Although each part of the world has its own assessment of what is considered and is not considered a rare disease, the truth is that it reaches very small proportions of the population. In Europe, diseases affecting 1 in 2000 people, or 0. 05% of the population. population, are considered rare.
- In this article we will present one of these diseases classified as rare: Ehlers-Danlos syndrome (EDS).
- Which affects the connective tissue of people.
- In this article we want to support and give visibility to one of the many alterations that need to be seen and listened.
Ehlers-Danlos syndrome, also known as SED, is a group of inherited and genetic connective tissue disorders that directly affect collagen, affecting the skin, joints and walls of blood vessels; in many parts of the world, it is considered a rare disease.
“A disease is considered rare when it affects a limited number of the total population, defined in Europe as less than 1 in 2000 citizens (EC Orphan Medicines Regulation). Patients and the associations that support them show that it is essential to realize that this can happen to anyone at any stage of life Isn’t it strange to have a rare disease?-FEDER. Spanish Federation of Rare Diseases
This syndrome occurs in people who have fragile skin and unusual joint flexibility and elasticity, however, there are several types, with peculiarities of their own, but it should be noted that these characteristics tend to be repeated in all cases.
There are up to thirteen different types of Ehlers-Danlos. The most common, in their low incidence, are classical laxity, ligament, vascular and cardiac. However, the full list of types that can be found in existing classes of Ehlers-Danlos syndrome would be:
People with this type of syndrome begin to notice a series of changes and pains that become increasingly continuous in their daily lives, although it is true that each type has its own characteristic symptoms, the truth is that, as noted above, they all share a number of common discomforts.
It should be noted that the presence of any of these symptoms does not mean that you have Ehlers-Danlos syndrome, just as having none does not mean otherwise.

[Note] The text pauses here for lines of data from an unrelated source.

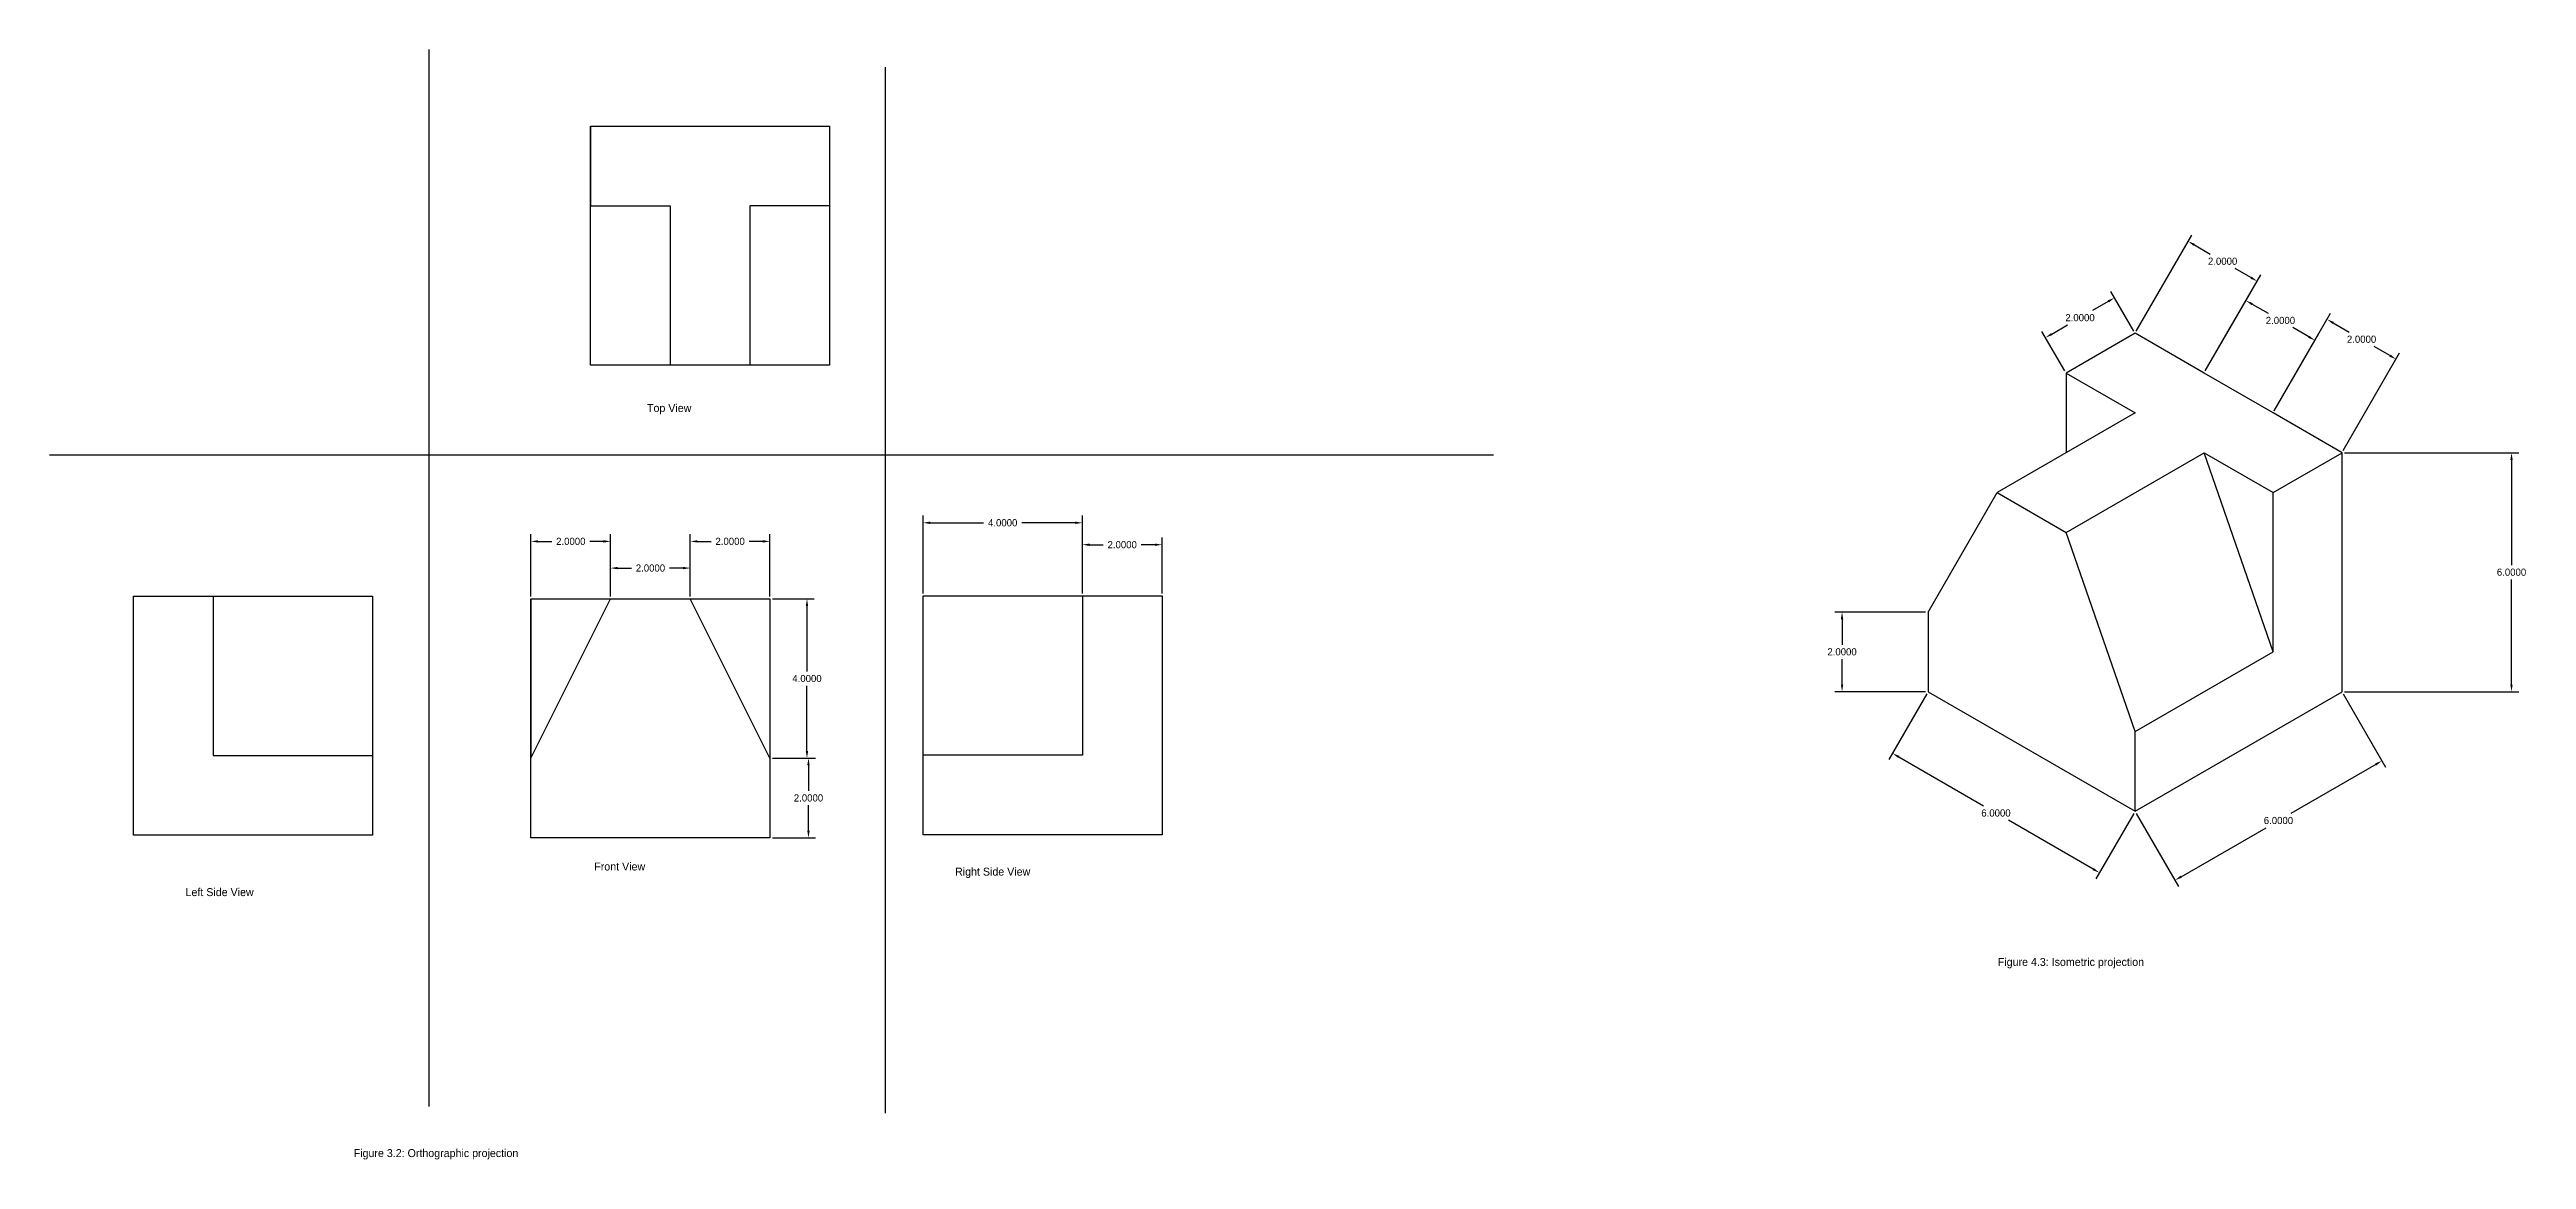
# Model space of a CAD drawing. Header units: inches. Extents: x -3.6 to 58.6, y 12.8 to 40.7.
import ezdxf

# ---------------------------------------------------------------- set-up
doc = ezdxf.new("R2010")
doc.units = ezdxf.units.IN
doc.header["$MEASUREMENT"] = 0
doc.dimstyles.get("Standard").update_dxf_attribs({"dimtxt": 0.18, "dimasz": 0.18, "dimexe": 0.18, "dimexo": 0.0625, "dimgap": 0.09, "dimtad": 0, "dimtih": 1, "dimtoh": 1, "dimdec": 4, "dimzin": 0, "dimdsep": 46, "dimtxsty": 'Standard', "dimcen": 0.09, "dimadec": 0, "dimazin": 0, "dimtfac": 1, "dimtdec": 4, "dimtofl": 0, "dimtmove": 0, "dimatfit": 3, "dimfxl": 0, "dimtolj": 1, "dimtzin": 0, "dimarcsym": 0})

# ---------------------------------------------------------------- blocks, each defined once
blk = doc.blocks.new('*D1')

The most common is back pain. Specifically, the affected person may feel that their back is overloaded and with some ease to generate contractures. The feeling described by people with this problem is “as if they were constantly carrying a bag of cement on their backs. “
Another of the most common symptoms is ligament laxity. This means that these people are extremely elastic, because their ligaments look like “strings of an uneciated guitar”.
More coincidences between the different cases of Ehlers-Danlos would be the saggingness of the skin and the ease with which it is damaged. A simple flash of light can lead to a large bruise or certain skin sores that, in a person without this syndrome, would not make a difference.
Flat foot can be another characteristic of people with this syndrome, so they also have cramps in their feet and walk somewhat compensated, the test would be the sole of the shoes, because one side will always be more worn than the other Also highlights the appearance of certain vision problems.
The less pleasant part of Ehlers-Danlos is accompanied by the ease of joint mobility, which eliminates the cartilage that joins the joints, causing bone movements and important contractures on certain occasions.
With this syndrome it is necessary to have some vigilance about the possibility of developing arthritis, as it may appear early; on the other hand, these people have very soft skin and, because they are so delicate, sometimes it looks totally velvety.
In most cases, people with the disease have it for a long time, as it takes an average of 3 years to arrive at a diagnosis and, in many cases, these people have been previously informed that they have other diseases, such as fibromyalgia. .
The coincidence between fibromyalgia and chronic fatigue syndrome or lupus is that a rheumatology specialist often has to make the diagnosis, are diseases with many similar points and it is not surprising that they can be confused.
The same is true of prescribed treatment, as there is currently no cure, and after a clear diagnosis it is usually necessary to continue with the sessions of physiotherapy and rehabilitation, so that in this way it is possible to decrease joint mobility.
In some types of diseases, such as cardiac valve diseases, a cardiological examination will be needed to rule out Marfan syndrome, which is very common in this type of Ehlers-Danlos and very dangerous if not treated.